Claude Code is holding its own against competitors like Microsoft GitHub Copilot and Cursor, currently hitting $2.5 billion in run-rate revenue. Their user base has doubled since January, and the mobile app popularity grew after they publicly rejected using their technology for autonomous weapons or government surveillance.
🗞️ A Twitter post goes viral showing Qwen 3.5 2B (6-bit) running on iPhone 17 Pro
Here Qwen 3.5 2B (6-bit) running on iPhone 17 Pro, MLX-optimized. Outperforms models 4X its size with strong visual intelligence.
Powerful AI, now truly mobile.
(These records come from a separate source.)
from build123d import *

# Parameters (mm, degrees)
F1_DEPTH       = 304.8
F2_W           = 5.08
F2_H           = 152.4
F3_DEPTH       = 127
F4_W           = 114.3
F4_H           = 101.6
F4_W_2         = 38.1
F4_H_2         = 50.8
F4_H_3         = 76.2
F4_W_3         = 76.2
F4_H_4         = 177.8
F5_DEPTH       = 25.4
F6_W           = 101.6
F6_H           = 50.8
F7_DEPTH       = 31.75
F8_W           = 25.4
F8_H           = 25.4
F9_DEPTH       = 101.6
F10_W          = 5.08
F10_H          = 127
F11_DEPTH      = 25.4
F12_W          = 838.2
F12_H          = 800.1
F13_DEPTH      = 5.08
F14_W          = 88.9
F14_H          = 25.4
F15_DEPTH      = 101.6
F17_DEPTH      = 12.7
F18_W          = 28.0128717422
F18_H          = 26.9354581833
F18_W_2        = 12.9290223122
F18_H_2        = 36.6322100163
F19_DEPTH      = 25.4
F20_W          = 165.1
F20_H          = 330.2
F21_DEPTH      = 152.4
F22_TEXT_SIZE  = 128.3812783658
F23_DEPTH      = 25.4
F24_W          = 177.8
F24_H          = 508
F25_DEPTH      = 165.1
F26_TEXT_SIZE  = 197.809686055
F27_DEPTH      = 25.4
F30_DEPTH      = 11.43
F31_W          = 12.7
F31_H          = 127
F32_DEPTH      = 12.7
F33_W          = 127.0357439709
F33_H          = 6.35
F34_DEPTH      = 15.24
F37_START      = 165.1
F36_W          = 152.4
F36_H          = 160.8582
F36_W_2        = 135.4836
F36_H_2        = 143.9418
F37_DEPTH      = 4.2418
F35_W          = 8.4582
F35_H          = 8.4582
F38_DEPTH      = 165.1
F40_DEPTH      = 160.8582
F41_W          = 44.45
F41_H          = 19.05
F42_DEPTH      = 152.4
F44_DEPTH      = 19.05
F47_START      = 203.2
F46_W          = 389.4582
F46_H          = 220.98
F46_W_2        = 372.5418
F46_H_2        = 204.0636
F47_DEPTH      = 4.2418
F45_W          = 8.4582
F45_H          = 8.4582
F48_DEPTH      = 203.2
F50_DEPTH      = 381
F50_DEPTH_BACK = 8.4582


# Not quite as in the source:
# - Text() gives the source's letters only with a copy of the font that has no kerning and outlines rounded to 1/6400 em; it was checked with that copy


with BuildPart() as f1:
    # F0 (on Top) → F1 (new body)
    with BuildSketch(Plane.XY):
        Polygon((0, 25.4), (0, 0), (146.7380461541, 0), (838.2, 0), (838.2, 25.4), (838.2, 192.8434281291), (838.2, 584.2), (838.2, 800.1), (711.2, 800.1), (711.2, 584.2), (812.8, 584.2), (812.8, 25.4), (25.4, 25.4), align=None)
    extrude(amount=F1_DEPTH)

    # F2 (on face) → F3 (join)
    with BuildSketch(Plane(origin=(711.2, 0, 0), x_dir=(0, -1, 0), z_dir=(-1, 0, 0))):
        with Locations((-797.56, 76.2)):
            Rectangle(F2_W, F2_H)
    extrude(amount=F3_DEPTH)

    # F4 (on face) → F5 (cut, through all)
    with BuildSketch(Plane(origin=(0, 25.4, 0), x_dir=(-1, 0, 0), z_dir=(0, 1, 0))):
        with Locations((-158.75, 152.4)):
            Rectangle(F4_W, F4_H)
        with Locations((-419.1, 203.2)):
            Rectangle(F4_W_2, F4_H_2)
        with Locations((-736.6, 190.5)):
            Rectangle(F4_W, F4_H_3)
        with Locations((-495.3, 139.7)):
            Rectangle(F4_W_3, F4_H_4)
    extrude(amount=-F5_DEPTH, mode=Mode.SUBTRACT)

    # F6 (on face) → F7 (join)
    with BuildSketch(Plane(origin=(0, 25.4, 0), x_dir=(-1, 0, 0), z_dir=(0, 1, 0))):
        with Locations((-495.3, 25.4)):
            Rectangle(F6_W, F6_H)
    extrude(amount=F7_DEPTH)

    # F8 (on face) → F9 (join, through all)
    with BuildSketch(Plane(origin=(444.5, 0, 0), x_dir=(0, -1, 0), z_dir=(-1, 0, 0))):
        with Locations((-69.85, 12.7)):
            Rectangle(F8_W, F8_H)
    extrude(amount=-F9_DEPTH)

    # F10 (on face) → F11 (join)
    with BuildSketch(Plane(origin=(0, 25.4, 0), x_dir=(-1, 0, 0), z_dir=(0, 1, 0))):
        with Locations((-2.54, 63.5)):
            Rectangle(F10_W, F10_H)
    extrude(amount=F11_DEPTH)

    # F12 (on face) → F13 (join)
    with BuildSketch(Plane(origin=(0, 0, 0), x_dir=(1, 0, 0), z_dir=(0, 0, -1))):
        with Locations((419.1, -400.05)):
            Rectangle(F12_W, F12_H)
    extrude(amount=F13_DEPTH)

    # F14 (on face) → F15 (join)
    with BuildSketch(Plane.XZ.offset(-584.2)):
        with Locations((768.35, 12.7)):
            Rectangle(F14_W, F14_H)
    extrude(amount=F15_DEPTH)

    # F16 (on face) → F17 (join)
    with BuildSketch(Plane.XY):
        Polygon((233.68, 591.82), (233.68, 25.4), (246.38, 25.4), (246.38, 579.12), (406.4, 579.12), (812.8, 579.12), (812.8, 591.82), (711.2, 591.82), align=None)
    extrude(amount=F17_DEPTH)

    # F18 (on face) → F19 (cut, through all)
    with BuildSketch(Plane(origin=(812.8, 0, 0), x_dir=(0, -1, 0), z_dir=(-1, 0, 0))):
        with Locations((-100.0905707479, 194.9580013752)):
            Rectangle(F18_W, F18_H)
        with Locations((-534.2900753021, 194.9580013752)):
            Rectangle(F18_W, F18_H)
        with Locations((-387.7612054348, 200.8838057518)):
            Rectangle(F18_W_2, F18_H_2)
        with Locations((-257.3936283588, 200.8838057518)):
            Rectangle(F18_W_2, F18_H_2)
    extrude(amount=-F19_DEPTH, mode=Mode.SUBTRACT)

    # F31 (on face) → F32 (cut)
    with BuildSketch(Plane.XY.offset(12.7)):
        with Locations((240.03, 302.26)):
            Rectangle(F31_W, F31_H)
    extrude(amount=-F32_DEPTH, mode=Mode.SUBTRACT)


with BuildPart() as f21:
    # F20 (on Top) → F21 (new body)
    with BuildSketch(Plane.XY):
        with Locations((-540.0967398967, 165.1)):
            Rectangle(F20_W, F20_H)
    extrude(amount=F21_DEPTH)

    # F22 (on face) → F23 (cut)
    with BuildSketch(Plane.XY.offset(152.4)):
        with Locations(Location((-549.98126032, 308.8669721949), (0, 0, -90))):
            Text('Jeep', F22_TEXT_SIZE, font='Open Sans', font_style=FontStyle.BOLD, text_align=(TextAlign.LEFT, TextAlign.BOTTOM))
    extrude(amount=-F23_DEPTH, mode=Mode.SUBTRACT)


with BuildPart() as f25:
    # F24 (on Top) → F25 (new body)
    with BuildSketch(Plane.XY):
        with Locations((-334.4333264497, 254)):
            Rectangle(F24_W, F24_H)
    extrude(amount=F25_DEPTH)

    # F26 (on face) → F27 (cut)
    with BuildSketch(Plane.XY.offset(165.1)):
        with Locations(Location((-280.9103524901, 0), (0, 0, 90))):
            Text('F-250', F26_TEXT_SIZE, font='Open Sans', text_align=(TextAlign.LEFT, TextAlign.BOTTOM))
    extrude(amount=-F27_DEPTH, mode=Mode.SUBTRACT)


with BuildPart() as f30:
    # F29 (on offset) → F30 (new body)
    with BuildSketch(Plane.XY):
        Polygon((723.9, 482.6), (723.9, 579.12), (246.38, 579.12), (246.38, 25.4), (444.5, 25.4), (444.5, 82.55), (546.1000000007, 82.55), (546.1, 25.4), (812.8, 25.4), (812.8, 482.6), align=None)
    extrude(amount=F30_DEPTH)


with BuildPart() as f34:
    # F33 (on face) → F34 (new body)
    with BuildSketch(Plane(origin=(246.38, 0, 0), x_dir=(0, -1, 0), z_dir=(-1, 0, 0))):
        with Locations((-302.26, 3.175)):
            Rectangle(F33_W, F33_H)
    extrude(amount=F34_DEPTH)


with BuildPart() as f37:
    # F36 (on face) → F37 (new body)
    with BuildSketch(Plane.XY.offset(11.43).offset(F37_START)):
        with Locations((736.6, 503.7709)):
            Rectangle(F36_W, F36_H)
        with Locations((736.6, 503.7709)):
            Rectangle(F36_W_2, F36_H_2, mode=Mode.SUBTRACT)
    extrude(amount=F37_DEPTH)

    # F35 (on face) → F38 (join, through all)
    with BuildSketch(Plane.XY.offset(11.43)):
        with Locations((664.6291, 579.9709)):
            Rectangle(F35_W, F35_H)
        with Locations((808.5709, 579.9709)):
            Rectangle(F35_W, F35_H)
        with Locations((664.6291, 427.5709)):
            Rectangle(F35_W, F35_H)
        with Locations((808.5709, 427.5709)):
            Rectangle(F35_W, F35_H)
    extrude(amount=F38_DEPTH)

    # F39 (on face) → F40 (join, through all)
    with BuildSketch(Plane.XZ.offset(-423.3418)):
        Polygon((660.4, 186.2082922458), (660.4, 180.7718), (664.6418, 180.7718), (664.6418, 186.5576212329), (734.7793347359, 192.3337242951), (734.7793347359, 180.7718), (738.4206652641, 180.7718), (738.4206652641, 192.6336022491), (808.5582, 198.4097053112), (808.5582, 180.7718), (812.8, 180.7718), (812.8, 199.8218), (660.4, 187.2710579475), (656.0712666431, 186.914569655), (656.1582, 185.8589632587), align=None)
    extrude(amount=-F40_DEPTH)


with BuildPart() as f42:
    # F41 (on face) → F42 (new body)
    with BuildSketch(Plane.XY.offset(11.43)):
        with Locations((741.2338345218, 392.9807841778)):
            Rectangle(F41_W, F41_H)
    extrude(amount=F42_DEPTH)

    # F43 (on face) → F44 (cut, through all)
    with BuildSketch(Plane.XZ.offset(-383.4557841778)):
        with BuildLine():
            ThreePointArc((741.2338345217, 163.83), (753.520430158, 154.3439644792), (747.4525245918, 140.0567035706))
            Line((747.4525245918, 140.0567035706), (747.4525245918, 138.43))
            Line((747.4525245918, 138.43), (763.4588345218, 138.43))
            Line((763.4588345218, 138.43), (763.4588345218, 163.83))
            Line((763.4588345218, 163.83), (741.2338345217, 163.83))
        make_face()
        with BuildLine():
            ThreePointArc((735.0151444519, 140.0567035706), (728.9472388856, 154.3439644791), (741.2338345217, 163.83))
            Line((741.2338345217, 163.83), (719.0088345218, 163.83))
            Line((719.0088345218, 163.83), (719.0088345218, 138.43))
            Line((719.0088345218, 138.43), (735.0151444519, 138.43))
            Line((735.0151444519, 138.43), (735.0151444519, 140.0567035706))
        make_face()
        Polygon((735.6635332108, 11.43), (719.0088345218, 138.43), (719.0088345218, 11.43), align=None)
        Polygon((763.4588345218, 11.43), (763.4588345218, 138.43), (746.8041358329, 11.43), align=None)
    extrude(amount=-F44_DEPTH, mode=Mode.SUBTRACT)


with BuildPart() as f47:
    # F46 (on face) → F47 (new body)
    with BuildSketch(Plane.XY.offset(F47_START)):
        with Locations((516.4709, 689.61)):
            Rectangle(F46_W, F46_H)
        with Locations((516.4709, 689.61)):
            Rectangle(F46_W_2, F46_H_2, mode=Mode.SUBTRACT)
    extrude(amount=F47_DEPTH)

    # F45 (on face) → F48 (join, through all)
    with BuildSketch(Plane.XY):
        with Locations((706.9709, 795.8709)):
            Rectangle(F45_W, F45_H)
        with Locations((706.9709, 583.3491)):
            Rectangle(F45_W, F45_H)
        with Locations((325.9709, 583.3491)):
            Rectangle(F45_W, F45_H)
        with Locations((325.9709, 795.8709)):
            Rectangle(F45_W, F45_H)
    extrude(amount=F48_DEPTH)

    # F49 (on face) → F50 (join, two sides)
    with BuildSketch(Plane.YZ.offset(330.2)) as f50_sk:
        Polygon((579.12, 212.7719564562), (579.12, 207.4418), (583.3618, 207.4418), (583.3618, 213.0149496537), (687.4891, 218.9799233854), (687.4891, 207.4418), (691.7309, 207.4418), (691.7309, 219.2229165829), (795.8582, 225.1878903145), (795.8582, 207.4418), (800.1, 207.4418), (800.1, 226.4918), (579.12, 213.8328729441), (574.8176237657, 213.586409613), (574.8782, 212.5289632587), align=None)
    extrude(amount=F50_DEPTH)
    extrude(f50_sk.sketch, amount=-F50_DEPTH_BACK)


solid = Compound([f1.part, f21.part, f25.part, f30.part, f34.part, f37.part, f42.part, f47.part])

Opportunity for so many new products.
🗞️ Alibaba Qwen’s Tech Lead Junyang Lin, 2 Other Researchers Step Down
Their exit marks a major shift for one of the world’s most popular open-source AI families that has reached over 600M downloads.
Lin was the person who mostly talked to the public and shared their code, making him the human face of a project that rivals Meta’s Llama.
During his time at Alibaba, he helped develop multimodal models, which are AI systems that can understand pictures and sounds just as easily as they read text.
He also pushed the team to use mixture of experts technology, where a massive AI is broken into smaller groups of specialists to save on computing power.
This method ensures that the AI only uses the specific brain parts it needs for a task, which helps it run faster on less expensive hardware.
Lin was open about the fact that US labs have 10 to 100 times more computing power than labs in China. Because of this chip shortage, his team had to focus on clever software engineering and math to make their models perform at a world-class level.
The Qwen family has grown to include models for coding, math, and logic, with over 170,000 different versions created by the developer community.
That’s a wrap for today, see you all tomorrow.